Human adenovirus DNA polymerase is evolutionarily and functionally associated with human telomerase reverse transcriptase based on molecular characterization that implicate abacavir and zidovudine.

Human adenoviruses (HAdVs) are non-enveloped, small double stranded DNA (dsDNA) viruses that cause asymptomatic infections, clinical syndromes and significant susceptibility to infections in immunocompromised people. The aim of the present study was to identify critical host proteins and HAdV hypothetical proteins that could be developed as potential host-viral targets for antiHAdV therapy. Here, the function of selected hypothetical proteins of HAdV based on phylogenetic relationship with the therapeutic targets of antiretroviral drugs of human immunodeficiency virus (HIV) was predicted computationally, and characterized the molecular dynamics and binding affinity of DNA polymerase of HAdV. Thirty-eight hypothetical proteins (HPs) of human adenovirus (HAdV) were used in this study.

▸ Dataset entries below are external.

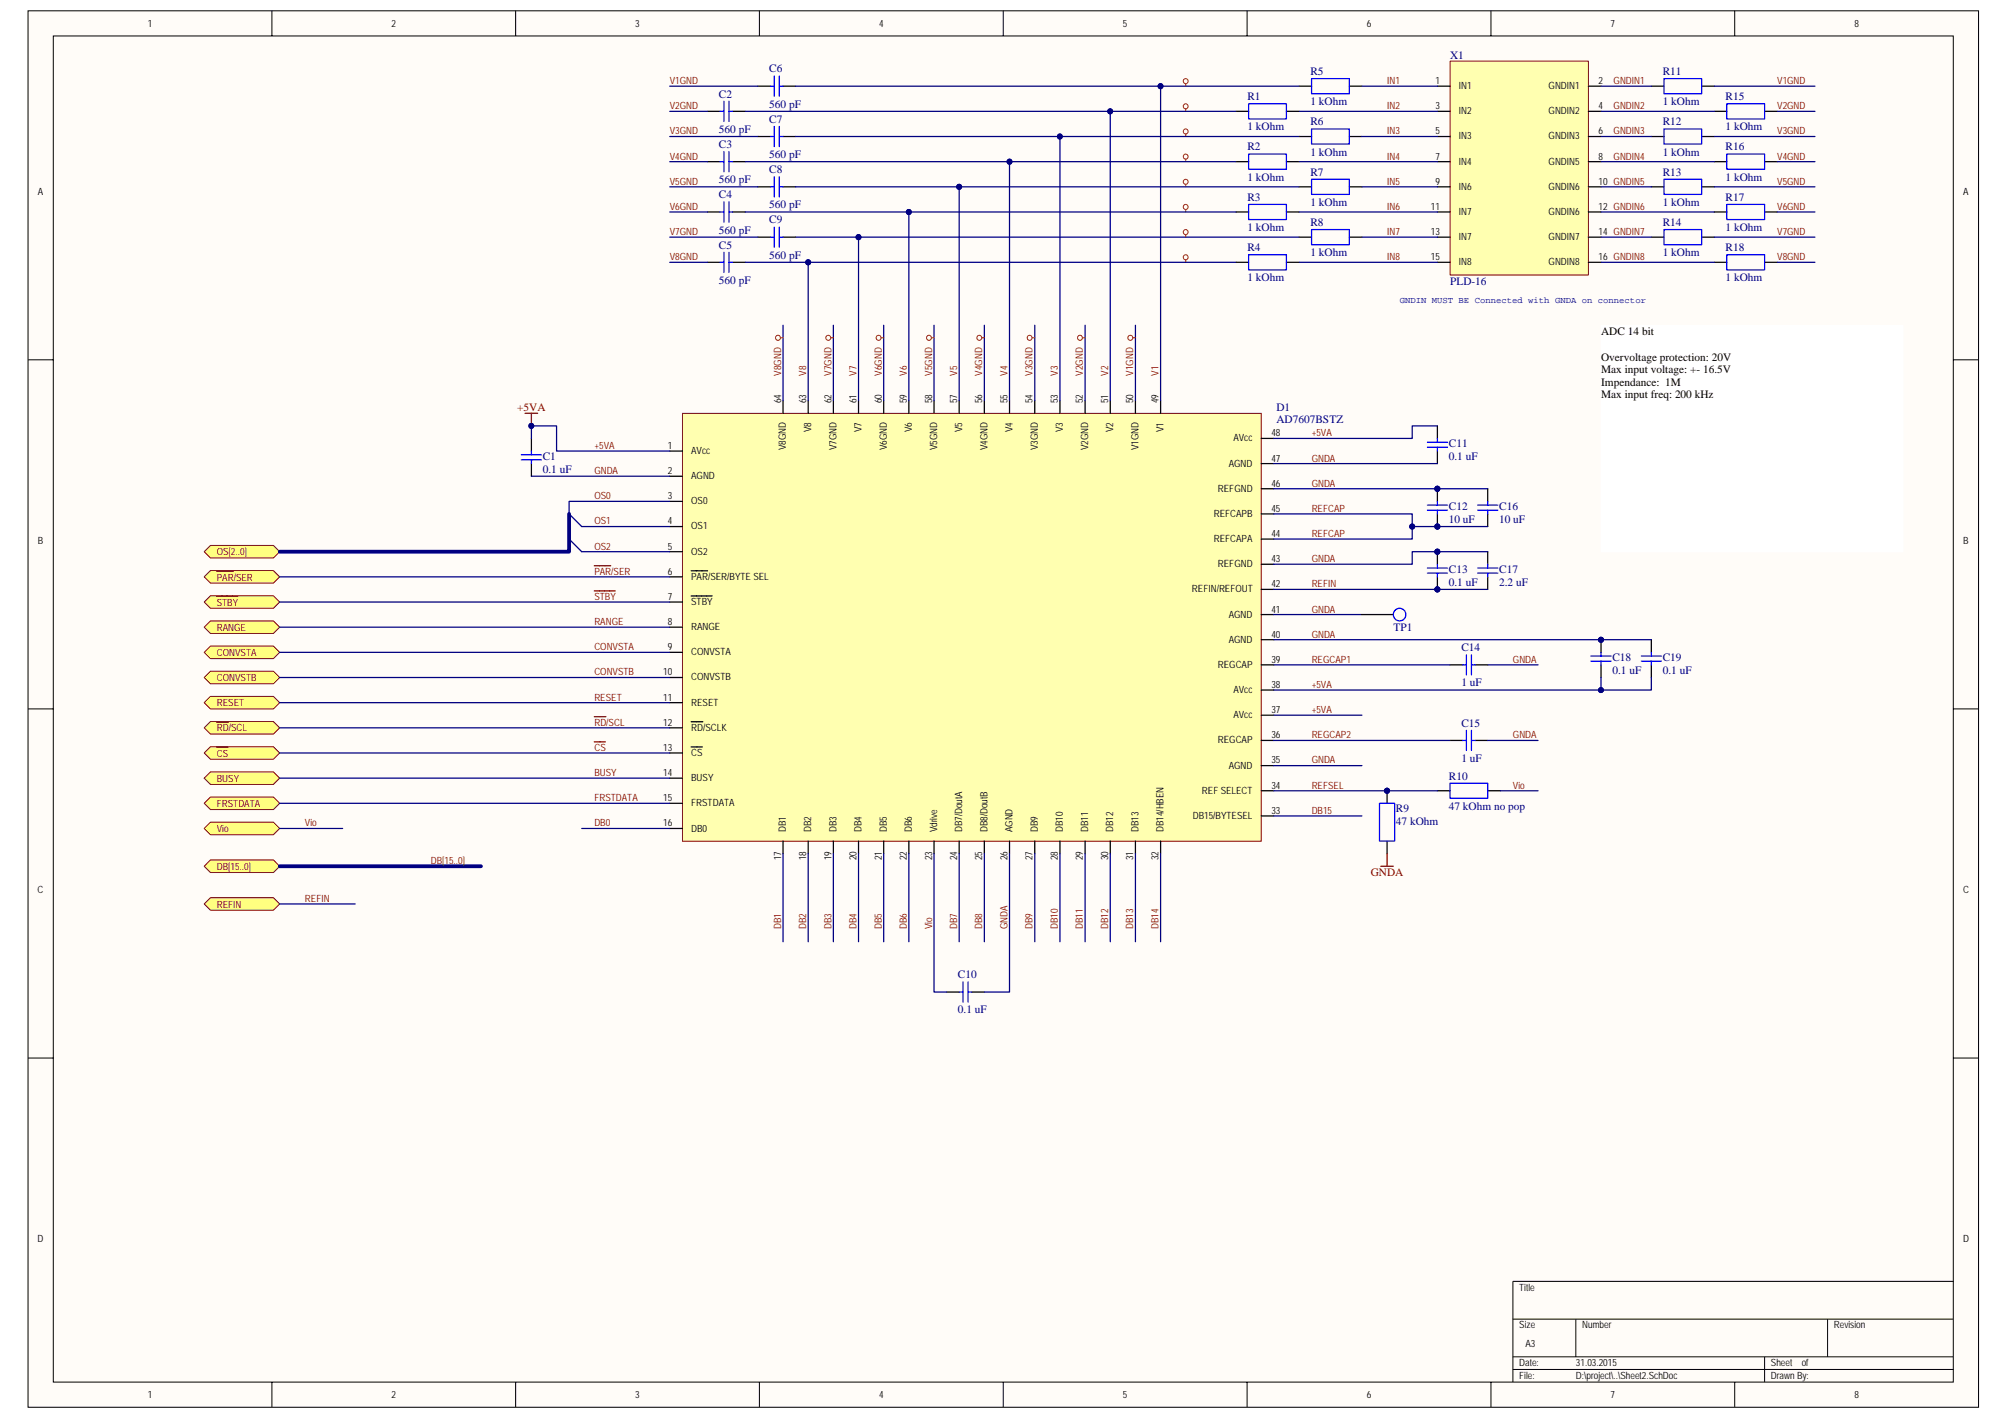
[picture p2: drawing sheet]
<svg xmlns="http://www.w3.org/2000/svg" width="420mm" height="297mm" viewBox="0 0 420 297" stroke-linecap="round" stroke-linejoin="round" font-family="sans-serif">
<path d="M5.9 2.3h408.5v292.5h-408.5z" fill="#fffcf8"/>
<path d="M5.9 2.3h408.5v292.5h-408.5z" fill="none" stroke="#000" stroke-width=".21"/>
<path d="M11.2 7.6h397.9v281.9h-397.9z" fill="#fffcf8"/>
<g fill="none" stroke="#000" stroke-width=".21">
<path d="M11.2 7.5h397.9v282h-397.9zM56.9 2.2v5.3M108 2.2v5.3M159.1 2.2v5.3M210.1 2.2v5.3M261.2 2.2v5.3M312.3 2.2v5.3M363.3 2.2v5.3M5.9 75.4h5.2M409.1 75.4h5.3M5.9 148.5h5.2M409.1 148.5h5.3"/>
<path d="M5.9 221.6h5.2M409.1 221.6h5.3M316.9 276.3h92.2M330.1 276.3v7.9M382.8 276.3v7.9M409.1 268.4h-92.2v21.1M56.9 289.5v5.3M108 289.5v5.3M159.1 289.5v5.3M210.1 289.5v5.3M261.2 289.5v5.3M312.3 289.5v5.3"/>
<path d="M316.9 284.2h92.2M316.9 286.9h92.2M363.3 289.5v5.3M369.6 284.2v5.3"/>
</g>
<path d="M42.8 163l1.3-1.3h13.2l1.3 1.3-1.3 1.3h-13.2z" fill-rule="evenodd" fill="#ffff80" stroke="#800000" stroke-width=".21"/>
<path d="M143 86.6h121.2v89.6h-121.2z" fill="#ffffb0"/>
<path d="M142.9 86.6h121.3v89.6h-121.3z" fill="none" stroke="#800000" stroke-width=".21"/>
<g fill="none" stroke="#000" stroke-width=".26">
<path d="M140.3 94.5h2.6M140.3 99.8h2.6M164 83.9v2.7M169.3 83.9v2.7M174.6 83.9v2.7M179.8 83.9v2.7M185.1 83.9v2.7M190.4 83.9v2.7M195.6 83.9v2.7M200.9 83.9v2.7M206.2 83.9v2.7M211.4 83.9v2.7"/>
<path d="M216.7 83.9v2.7M222 83.9v2.7M227.3 83.9v2.7M232.5 83.9v2.7M237.8 83.9v2.7M243.1 83.9v2.7M264.2 97.1h2.6M264.2 91.8h2.6M140.3 105h2.6M140.3 110.3h2.6M140.3 115.6h2.6M144.8 119.6h3.4"/>
<path d="M264.2 118.2h2.6M264.2 112.9h2.6M264.2 107.7h2.6M264.2 102.4h2.6M140.3 120.8h2.6M140.3 126.1h2.6M140.3 131.4h2.6M140.3 136.7h2.6M144.8 124.8h4.4M264.2 139.3h2.6M264.2 134h2.6M264.2 128.7h2.6"/>
<path d="M264.2 123.5h2.6M140.3 141.9h2.6M140.3 147.2h2.6M140.3 152.5h2.6M140.3 157.7h2.6M144.8 151.2h2.4M144.8 156.5h2.3M264.2 155.1h2.6M264.2 149.8h2.6M264.2 144.5h2.6M140.3 163h2.6M140.3 168.3h2.6"/>
<path d="M140.3 173.5h2.6M164 176.2v2.6M169.3 176.2v2.6M174.6 176.2v2.6M179.8 176.2v2.6M185.1 176.2v2.6M190.4 176.2v2.6M195.6 176.2v2.6M200.9 176.2v2.6M206.2 176.2v2.6M211.4 176.2v2.6M216.7 176.2v2.6"/>
<path d="M222 176.2v2.6M227.3 176.2v2.6M232.5 176.2v2.6M237.8 176.2v2.6M243.1 176.2v2.6M264.2 170.9h2.6M264.2 165.7h2.6M264.2 160.4h2.6"/>
</g>
<path d="M303.8 12.8h28.9v44.8h-28.9z" fill="#ffffb0"/>
<path d="M303.7 12.8h29v44.8h-29z" fill="none" stroke="#800000" stroke-width=".21"/>
<g fill="none" stroke="#000" stroke-width=".26">
<path d="M301.1 18.1h2.6M332.7 18.1h2.6M301.1 23.3h2.6M301.1 28.6h2.6M301.1 33.9h2.6M301.1 39.1h2.6M332.7 23.3h2.6M332.7 28.6h2.6M332.7 33.9h2.6M332.7 39.1h2.6M301.1 44.4h2.6M301.1 49.7h2.6"/>
<path d="M301.1 54.9h2.6M332.7 44.4h2.6M332.7 49.7h2.6M332.7 54.9h2.6M290.5 165.7v2.6M290.5 176.2v2.6"/>
</g>
<g fill="none" stroke="#000080" stroke-width=".26">
<path d="M164 68.1v15.8M174.6 68.1v15.8M185.1 68.1v15.8M195.6 68.1v15.8M206.2 68.1v15.8M216.7 68.1v15.8M227.3 68.1v15.8M237.8 68.1v15.8M121.8 110.3h18.5M121.8 115.6h18.5M266.8 128.7h18.5M266.8 149.8h18.5"/>
<path d="M121.8 173.5h18.5M266.8 160.4h18.5"/>
</g>
<circle cx="290.5" cy="165.6" r=".52" fill="#000080" stroke="#000080" stroke-width=".21"/>
<path d="M288.9 168.3h3.2v7.9h-3.2z" fill="none" stroke="#00f" stroke-width=".26"/>
<path d="M290.5 178.8v2.7M289.2 181.5h2.6" fill="none" stroke="#800000" stroke-width=".26"/>
<path d="M42.8 157.7l1.3-1.3h13.2l1.3 1.3-1.3 1.3h-13.2z" fill-rule="evenodd" fill="#ffff80" stroke="#800000" stroke-width=".21"/>
<path d="M45.4 156.5h2.3" fill="none" stroke="#800000" stroke-width=".26"/>
<path d="M42.8 152.5l1.3-1.3h13.2l1.3 1.3-1.3 1.3h-13.2z" fill-rule="evenodd" fill="#ffff80" stroke="#800000" stroke-width=".21"/>
<path d="M45.4 151.3h2.4" fill="none" stroke="#800000" stroke-width=".26"/>
<g fill="#ffff80" stroke="#800000" stroke-width=".21">
<path d="M42.8 147.2l1.3-1.3h13.2l1.3 1.3-1.3 1.3h-13.2z" fill-rule="evenodd"/>
<path d="M42.8 141.9l1.3-1.3h13.2l1.3 1.3-1.3 1.3h-13.2z" fill-rule="evenodd"/>
<path d="M42.8 136.7l1.3-1.4h13.2l1.3 1.4-1.3 1.3h-13.2z" fill-rule="evenodd"/>
</g>
<g fill="none" stroke="#000080" stroke-width=".26">
<path d="M58.6 136.7h81.7M58.6 141.9h81.7M58.6 147.2h81.7M58.6 152.5h81.7M58.6 157.7h81.7M58.6 163h81.7M164 178.8v18.5M169.3 178.8v18.5M174.6 178.8v18.5M179.8 178.8v18.5M185.1 178.8v18.5M190.4 178.8v18.5"/>
<path d="M200.9 178.8v18.5M206.2 178.8v18.5M216.7 178.8v18.5M222 178.8v18.5M227.3 178.8v18.5M232.5 178.8v18.5M237.8 178.8v18.5M243.1 178.8v18.5M266.8 170.9h18.5"/>
</g>
<path d="M124.5 150.1h2.4M124.5 155.4h2.3" fill="none" stroke="#800000" stroke-width=".26"/>
<path d="M42.8 173.5l1.3-1.3h13.2l1.3 1.3-1.3 1.4h-13.2z" fill-rule="evenodd" fill="#ffff80" stroke="#800000" stroke-width=".21"/>
<path d="M58.6 173.5h13.2" fill="none" stroke="#000080" stroke-width=".26"/>
<path d="M42.8 168.3l1.3-1.3h13.2l1.3 1.3-1.3 1.3h-13.2z" fill-rule="evenodd" fill="#ffff80" stroke="#800000" stroke-width=".21"/>
<path d="M58.6 168.3h81.7" fill="none" stroke="#000080" stroke-width=".26"/>
<path d="M44.1 180.1h13.2l1.3 1.4-1.3 1.3h-13.2l-1.3-1.3z" fill-rule="evenodd" fill="#ffff80" stroke="#800000" stroke-width=".21"/>
<path d="M58.6 181.5h42.1" fill="none" stroke="#000080" stroke-width=".79"/>
<path d="M301.1 102.4v2.6M301.1 107.7v2.6M301.1 115.6v2.6M311.6 102.4v2.6M311.6 107.7v2.6M301.1 120.8v2.7" fill="none" stroke="#000" stroke-width=".26"/>
<g fill="#000080" stroke="#000080" stroke-width=".21">
<circle cx="301" cy="110.3" r=".52"/>
<circle cx="301" cy="102.4" r=".52"/>
<circle cx="295.8" cy="110.3" r=".52"/>
<circle cx="301" cy="123.5" r=".52"/>
<circle cx="301" cy="115.6" r=".52"/>
</g>
<path d="M299 105.8h4.2M299 119h4.2M299 106.9h4.2M301.1 105v.8M301.1 106.9v.8M301.1 118.2v.8M309.5 105.8h4.2M309.5 106.9h4.2M311.6 105v.8M311.6 106.9v.8M299 120.1h4.2M301.1 120.1v.7" fill="none" stroke="#00f" stroke-width=".26"/>
<path d="M266.8 102.4h44.8M295.8 110.3v2.6h-29" fill="none" stroke="#000080" stroke-width=".26"/>
<path d="M42.8 189.4l1.3-1.4h13.2l1.3 1.4-1.3 1.3h-13.2z" fill-rule="evenodd" fill="#ffff80" stroke="#800000" stroke-width=".21"/>
<g fill="none" stroke="#000080" stroke-width=".26">
<path d="M140.3 18.1h18.4M166.7 18.1h76.4M272.1 18.1h-29v65.8M285.3 18.1h15.8M335.3 18.1h10.6M359.1 18.1h21M140.3 23.3h7.9M140.3 33.9h7.9M140.3 28.6h18.4M140.3 39.1h18.4M156.1 23.3h76.4M156.1 33.9h55.3"/>
<path d="M166.7 28.6h55.3M166.7 39.1h34.2M258.9 23.3h-26.4v60.6M258.9 33.9h-47.5v50M272.1 28.6h-50.1v55.3M272.1 39.1h-71.2v44.8M272.1 23.3h29M272.1 33.9h29M285.3 28.6h15.8M285.3 39.1h15.8M335.3 23.3h23.8M335.3 28.6h10.6"/>
<path d="M335.3 33.9h23.8M335.3 39.1h10.6M359.1 28.6h21M359.1 39.1h21M372.2 23.3h7.9M372.2 33.9h7.9M140.3 44.4h7.9M140.3 54.9h7.9M140.3 49.7h18.4M156.1 44.4h34.3M156.1 54.9h13.2M166.7 49.7h13.1"/>
<path d="M258.9 44.4h-68.5v39.5M258.9 54.9h-89.6v29M272.1 49.7h-92.3v34.2M272.1 44.4h29M272.1 54.9h29M285.3 49.7h15.8M335.3 44.4h23.8M335.3 49.7h10.6M335.3 54.9h23.8M359.1 49.7h21M372.2 44.4h7.9M372.2 54.9h7.9"/>
<path d="M266.8 139.3h36.9M311.6 139.3h10.5M266.8 155.1h36.9M311.6 155.1h10.5M195.6 178.8v29h2.7M211.4 178.8v29h-5.2M58.6 189.4h15.8"/>
</g>
<g fill="none" stroke="#000" stroke-width=".26">
<path d="M158.7 18.1h2.7M164 18.1h2.7M272.1 18.1h2.6M282.6 18.1h2.7M345.9 18.1h2.6M356.4 18.1h2.7M148.2 23.3h2.6M148.2 33.9h2.6M153.5 23.3h2.6M153.5 33.9h2.6M158.7 28.6h2.7M158.7 39.1h2.7"/>
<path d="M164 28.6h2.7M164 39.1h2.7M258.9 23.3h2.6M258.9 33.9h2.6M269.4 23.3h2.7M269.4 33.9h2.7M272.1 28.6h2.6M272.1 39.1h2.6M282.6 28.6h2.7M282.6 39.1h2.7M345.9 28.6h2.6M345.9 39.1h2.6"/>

The results showed that HAdV DNA polymerase (P03261) is related to Human TERT (O14746) and HLA-B (P01889) genes. The protein-protein interaction of human five molecular targets (PNP, TERT, CCR5, HLA-B, and NR1I2) of ARVDs are well-coordinated/networked with CD4, AHR, FKBP4, NR3C1, HSP90AA1, and STUB1 proteins in the anti-HIV infection mechanism. The results showed that the free energy score of abacavir and zidovudine binding to HAdV DNA polymerase are -5.8 and -5.4 kcal mol respectively. Also, the control drug, cidofovir and ganciclovir have less binding affinity for DNA polymerase of HAdV when compare to that of abacavir and zidovudine. Similarity was observed in the binding of abacavir and zidovudine to HAdV DNA polymerase (ASP742, ALA743, LEU772, ARG773 and VAL776). In conclusion, combination of abacavir and zidovudine was predicted to be potential therapy for controlling HAdV infection targeting HAdV DNA polymerase.